Records excerpted from a collection
⁂
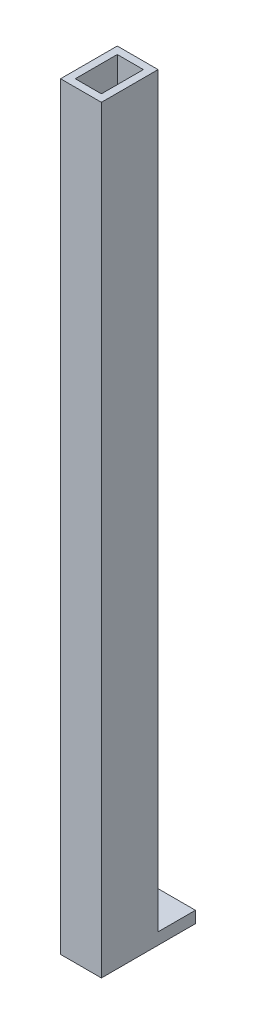
from build123d import *

# Parameters (mm, degrees)
SKETCH1_W           = 11.112
SKETCH1_H           = 15.43
SKETCH1_W_2         = 7.112
SKETCH1_H_2         = 11.43
BOSS_EXTRUDE1_DEPTH = 203.2
SKETCH2_W           = 11.112
SKETCH2_H           = 25.59
SKETCH2_W_2         = 7.112
SKETCH2_H_2         = 11.43
BOSS_EXTRUDE2_DEPTH = 3.175


with BuildPart() as part:
    # Sketch1 → Boss-Extrude1 (new body)
    with BuildSketch(Plane(origin=(0, 0, 0), x_dir=(1, 0, 0), z_dir=(0, 1, 0))):
        with Locations((5.556, 7.715)):
            Rectangle(SKETCH1_W, SKETCH1_H)
        with Locations((5.556, 7.715)):
            Rectangle(SKETCH1_W_2, SKETCH1_H_2, mode=Mode.SUBTRACT)
    extrude(amount=BOSS_EXTRUDE1_DEPTH)

    # Sketch2 → Boss-Extrude2 (add)
    with BuildSketch(Plane.XZ):
        with Locations((5.556, -12.795)):
            Rectangle(SKETCH2_W, SKETCH2_H)
        with Locations((5.556, -7.715)):
            Rectangle(SKETCH2_W_2, SKETCH2_H_2, mode=Mode.SUBTRACT)
    extrude(amount=BOSS_EXTRUDE2_DEPTH)


solid = part.part
⁂
EXERCISE DIRECTIONS ▸
Every line above that includes the word "BuildSketch" must appear in the answer.

RESULT ▸
    with BuildSketch(Plane(origin=(0, 0, 0), x_dir=(1, 0, 0), z_dir=(0, 1, 0))):
    with BuildSketch(Plane.XZ):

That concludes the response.